WORK REQUEST: Give back, exactly as written, the lines from the first line of the data below through the line with "Appearance: PSOLRGB-175-175-175", and omit the pictures.

Extracted data entries:
====================
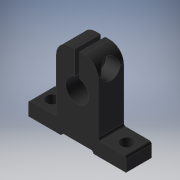
# Autodesk Inventor part: C-SHA10_b
Saved by Autodesk Inventor 2019 (Build 230136000, 136)
## iProperties
Created: 2022-11-15
Part Number: C-SHA10_b
Material: Generic
Catalog Web Link: www.cadenas.de
Description: C-SHA_base-Economy Shaft Supports - T-Shaped/Slit
Vendor: MISUMI
Document SubType Name: Modeling
Designer: psAdmin
Manufacturer: MISUMI
Mass: 6.44158 g
Surface Area: 37.5455 cm^2
Volume: 6.44158 cm^3
Density: 1 g/cm^3
Appearance: PSOLRGB-175-175-175
Category: PARTsolutions
Company: MISUMI
Title: C-SHA10
Author: Cadenas PARTsolutions
Comments: Economy Shaft Supports - T-Shaped/Slit
PSOL_IDENT_0: {$CADENAS_DATA/23d-libs/misumi/metric/02_shaft_supports/c_sha/c_sha_base.prj},160 {VTYP=3D},{NB=C-SH
PSOL_IDENT_1: A10_b},{LINA=C-SHA10},{NN=C-SHA_base},{DATE=04.10.2022 06:54:53},{GEOMDATE=23.04.2021 02:46:37},{VER
PSOL_IDENT_2: SION=},{LINEID=10},{WBVAR=},{WBNUMERIC=}  {NB=C-SHA10_b},{LINA=C-SHA10},{KT=DUMMY},{PN=C-SHA10},{TYP
PSOL_IDENT_3: E=C-SHA},{D=10},{H=20},{H1=35},{T=11},{L1=32},{DD=5.5},{E=9.5},{S=6},{R=6},{L=42},{B=14},{W=18},{M=M
PSOL_IDENT_4: 4},{R2=1},{W2=2.0},{M3D=4},{M3D2=6.0},{M3D3=8},{M3D4=4.3},{LB=10}
NB: C-SHA10_b
NN: C-SHA_base
NT: Economy Shaft Supports - T-Shaped/Slit
NBSYN: $PN._b
LINA: C-SHA10
CATALOG: Misumi
PN: C-SHA10
D: 10
H: 20
H1: 35
T: 11
L1: 32
DD: 5.5
E: 9.5
S: 6
R: 6
L: 42
B: 14
W: 18
M: M4
SUPPLIER: MISUMI
ARTICLENO: C-SHA10_b
BOMINFO: C-SHA10
CREATOR: CADENAS GmbH
Autodesk Inventor part; units mm, degrees
sketch "_____1" plane through (0, 0, 0) normal (0, 0, 1) x (1, 0, 0)
  line L0 (-21, -15) -> (-21, -20)
  line L1 (-21, -20) -> (-7, -20)
  arc A0 (-6, -19) -> (-7, -20) centre (-6, -20) ccw
  line L2 (-6, -19) -> (6, -19)
  arc A1 (7, -20) -> (6, -19) centre (6, -20) ccw
  line L3 (7, -20) -> (21, -20)
  line L4 (21, -20) -> (21, -15)
  arc A2 (21, -15) -> (20, -14) centre (20, -15) ccw
  line L5 (20, -14) -> (10, -14)
  arc A3 (9, -13) -> (10, -14) centre (10, -13) ccw
  line L6 (9, -13) -> (9, 9)
  arc A4 (9, 9) -> (3, 15) centre (3, 9) ccw
  line L7 (3, 15) -> (-3, 15)
  arc A5 (-3, 15) -> (-9, 9) centre (-3, 9) ccw
  line L8 (-9, 9) -> (-9, -13)
  arc A6 (-10, -14) -> (-9, -13) centre (-10, -13) ccw
  line L9 (-10, -14) -> (-20, -14)
  arc A7 (-20, -14) -> (-21, -15) centre (-20, -15) ccw
  constraints: 20 end point, 16 point on circle, 8 centre point
extrude "Extrusion1" add sketch "_____1" along normal mid plane 11
sketch "_____2" plane through (0, 0, 0) normal (0, 0, 1) x (1, 0, 0)
  arc A0 (-1, 4.899) -> (1, 4.899) centre (0, 0) ccw
  line L0 (1, 4.899) -> (1, 35)
  line L1 (1, 35) -> (-1, 35)
  line L2 (-1, 35) -> (-1, 4.899)
  constraints: 6 end point, 2 point on circle, 1 centre point
extrude "Extrusion2" cut sketch "_____2" along normal mid plane 11
sketch "_____3" plane through (0, 0, 0) normal (0, 1, 0) x (1, 0, 0)
  circle A0 centre (16, 0) radius 2.75
  constraints: 1 centre point
extrude "Extrusion3" cut sketch "_____3" against normal blind 20
sketch "_____4" plane through (0, 0, 0) normal (0, 1, 0) x (1, 0, 0)
  circle A0 centre (-16, 0) radius 2.75
  constraints: 1 centre point
extrude "Extrusion4" cut sketch "_____4" against normal blind 20
sketch "_____5" plane through (0, 0, 0) normal (0, 0, 1) x (1, 0, 0)
  line L0 (50, 9.5) -> (-50, 9.5)
  line L1 (0, 9.5) -> (0, 11.65)
  line L2 (0, 11.65) -> (3, 11.65)
  line L3 (3, 11.65) -> (3, 13.5)
  line L4 (3, 13.5) -> (9, 13.5)
  line L5 (9, 13.5) -> (9, 9.5)
  line L6 (9, 9.5) -> (0, 9.5)
  constraints: 14 end point
revolve "Revolution1" cut sketch "_____5" angle 360 about axis through (50, 9.5, 0) along (1, 0, 0)
sketch "Sketch6" plane through (-1, 4.899, 5.5) normal (1, 0, 0) x (0, 0, -1)
  point P0 (5.5, 4.601)
hole "Hole1" at (-1, 9.5, 0) direction (-1, 0, 0) diameter 3.242 depth 8 countersink diameter 4 countersink angle 90 thread size "M4x0.7" class "6H" standard "ISO Metric profile"
ref_plane "to_bolt_XY" through (3, 9.5, 0) normal (1, 0, 0) x (0, 0, -1)
ref_plane "to_bolt_YZ" through (3, 9.5, 0) normal (0, 0, -1) x (0, 1, 0)
ref_plane "to_bolt_ZX" through (3, 9.5, 0) normal (0, 1, 0) x (1, 0, 0)
body "Solid1"
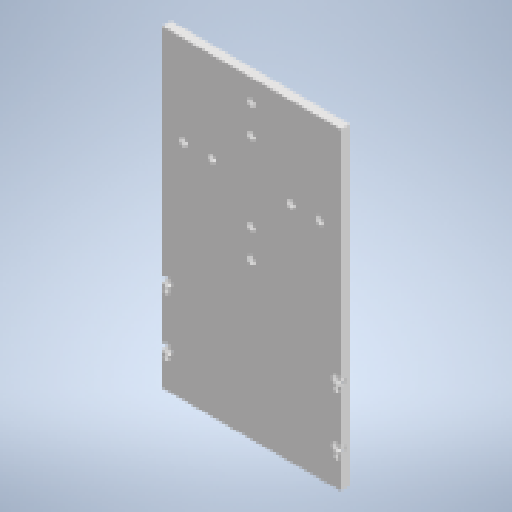
# Autodesk Inventor part: 290x200(10li)
Saved by Autodesk Inventor 2023 (Build 270158000, 158)
## iProperties
Created: 2025-04-11
Part Number: 290x200(10li)
Material: Generic
Document SubType Name: Modeling
Designer: huyqu
Density: 1 g/cm^3
Appearance: Default
Author: huyqu
Autodesk Inventor part; units mm, degrees
ref_plane "YZ Plane" through (0, 0, 0) normal (1, 0, 0) x (0, 1, 0)
ref_plane "XZ Plane" through (0, 0, 0) normal (0, 1, 0) x (-1, 0, 0)
ref_plane "XY Plane" through (0, 0, 0) normal (0, 0, 1) x (1, 0, 0)
sketch "Sketch1" plane through (0, 0, 0) normal (0, 0, 1) x (1, 0, 0)
  line L0 (0, 0) -> (200, 0)
  line L1 (200, 0) -> (200, 350)
  line L2 (200, 350) -> (0, 350)
  line L3 (0, 350) -> (0, 0)
  dimension "d0" = 200
  dimension "d1" = 350
  constraints: 8 end point, 2 parallel, 1 horizontal, 1 perpendicular
  measures "d0" distance of L0.start L0.end
  measures "d1" distance of L0.end L1.end
extrude "Extrusion1" add sketch "Sketch1" along normal blind 10
sketch "Sketch2" plane through (0, 0, 10) normal (0, 0, 1) x (1, 0, 0)
  circle A0 centre (144, 250) radius 2.067 projected
  circle A1 centre (176, 250) radius 2.067 projected
  circle A2 centre (100, 326) radius 2.067 projected
  circle A3 centre (100, 294) radius 2.067 projected
  circle A4 centre (56, 250) radius 2.067 projected
  circle A5 centre (24, 250) radius 2.067 projected
  circle A6 centre (100, 206) radius 2.067 projected
  circle A7 centre (100, 174) radius 2.067 projected
  point P0 (0, 0)
hole "Hole1" at (24, 250, 10) at (56, 250, 10) at (100, 294, 10) at (100, 326, 10) at (144, 250, 10) at (176, 250, 10) at (100, 206, 10) at (100, 174, 10) direction (0, 0, -1) diameter 6 end through all counterbore diameter 9 counterbore depth 5
sketch "Sketch3" plane through (0, 0, 0) normal (0, -1, 0) x (1, 0, 0)
  line L0 (0, 0) -> (0, 10) projected
  line L1 (0, 5) -> (200, 5)
  line L2 (200, 0) -> (200, 10) projected
  circle A0 centre (24, 5) radius 3
  circle A1 centre (56, 5) radius 3
  circle A2 centre (144, 5) radius 3
  circle A3 centre (176, 5) radius 3
  dimension "d11" = 6
  dimension "d12" = 6
  dimension "d13" = 6
  dimension "d14" = 6
  dimension "d15" = 24
  dimension "d16" = 56
  dimension "d17" = 24
  dimension "d18" = 56
  constraints: 4 centre point, 2 end point, 2 midpoint, 1 point on line
  measures "d11" diameter of A0
  measures "d12" diameter of A1
  measures "d13" diameter of A2
  measures "d14" diameter of A3
  measures "d15" distance from line of A0.centre L0
  measures "d16" distance from line of A1.centre L0
  measures "d17" distance from line of L2 A3.centre
  measures "d18" distance from line of L2 A2.centre
hole "Hole2" at (24, 0, 5) at (56, 0, 5) at (144, 0, 5) at (176, 0, 5) direction (0, 1, 0) diameter 4.917 depth 17.1 thread size "M6x1" class "6H" standard "ISO Metric profile"
sketch "Sketch4" plane through (0, 0, 10) normal (0, 0, 1) x (1, 0, 0)
  circle A0 centre (195, 40) radius 2.5941 projected
  circle A1 centre (195, 105) radius 2.5941 projected
  circle A2 centre (5, 105) radius 2.5941 projected
  circle A3 centre (5, 40) radius 2.5941 projected
  point P0 (0, 0)
hole "Hole3" at (5, 105, 10) at (5, 40, 10) at (195, 105, 10) at (195, 40, 10) direction (0, 0, -1) diameter 7 end through all counterbore diameter 11 counterbore depth 5
sketch "Sketch7" plane through (0, 0, 0) normal (0, 0, -1) x (-1, 0, 0)
  circle A0 centre (-195, 93) radius 2.4585
  circle A1 centre (-195, 28) radius 2.4585
  circle A2 centre (-5, 92.9758) radius 2.4585
  circle A3 centre (-5, 27.9758) radius 2.4585
  point P0 (0, 0)
  constraints: 4 centre point, 8 other
hole "Hole6" at (195, 93, 0) at (5, 92.9758, 0) at (5, 27.9758, 0) at (195, 28, 0) direction (0, 0, 1) diameter 6 end through all counterbore diameter 10 counterbore depth 5
body "Solid1"
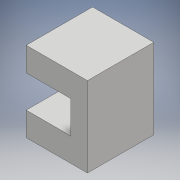
# Autodesk Inventor part: slot
Saved by Autodesk Inventor 2017.3 (Build 213256000, 256)
## iProperties
Created: 2018-06-04
Part Number: slot
Material: Generic
Document SubType Name: Modeling
Designer: JetPack Jord
Density: 1 g/cm^3
Appearance: Default
Author: JetPack Jord
Autodesk Inventor part; units mm, degrees
ref_plane "YZ Plane" through (0, 0, 0) normal (1, 0, 0) x (0, 1, 0)
ref_plane "XZ Plane" through (0, 0, 0) normal (0, 1, 0) x (-1, 0, 0)
ref_plane "XY Plane" through (0, 0, 0) normal (0, 0, 1) x (1, 0, 0)
sketch "Sketch1" plane through (0, 0, 0) normal (0, 1, 0) x (-1, 0, 0)
  line L0 (-9.2268, 12.0612) -> (9.2268, 12.0612)
  line L1 (9.2268, -12.0612) -> (-9.2268, -12.0612)
  line L2 (-9.2268, -12.0612) -> (-9.2268, 12.0612)
  line L3 (-9.2268, 12.0612) -> (9.2268, -12.0612) construction
  line L4 (9.2268, 12.0612) -> (-9.2268, -12.0612) construction
  line L5 (-4.2415, 4.8647) -> (9.2268, 4.8647)
  line L6 (9.2268, -4.8647) -> (-4.2415, -4.8647)
  line L7 (-4.2415, -4.8647) -> (-4.2415, 4.8647)
  line L8 (-4.2415, 4.8647) -> (14.8956, -4.8647) construction
  line L9 (14.8956, 4.8647) -> (-4.2415, -4.8647) construction
  line L10 (9.2268, 12.0612) -> (9.2268, 4.8647)
  line L11 (9.2268, -4.8647) -> (9.2268, -12.0612)
  point P0 (0, 0)
  point P1 (5.327, 0)
  constraints: 24 end point, 4 midpoint, 4 parallel, 2 horizontal, 2 perpendicular
extrude "Extrusion1" add sketch "Sketch1" along normal blind 20
body "Solid1"
====================
EXPECTED OUTPUT:
# Autodesk Inventor part: C-SHA10_b
Saved by Autodesk Inventor 2019 (Build 230136000, 136)
## iProperties
Created: 2022-11-15
Part Number: C-SHA10_b
Material: Generic
Catalog Web Link: www.cadenas.de
Description: C-SHA_base-Economy Shaft Supports - T-Shaped/Slit
Vendor: MISUMI
Document SubType Name: Modeling
Designer: psAdmin
Manufacturer: MISUMI
Mass: 6.44158 g
Surface Area: 37.5455 cm^2
Volume: 6.44158 cm^3
Density: 1 g/cm^3
Appearance: PSOLRGB-175-175-175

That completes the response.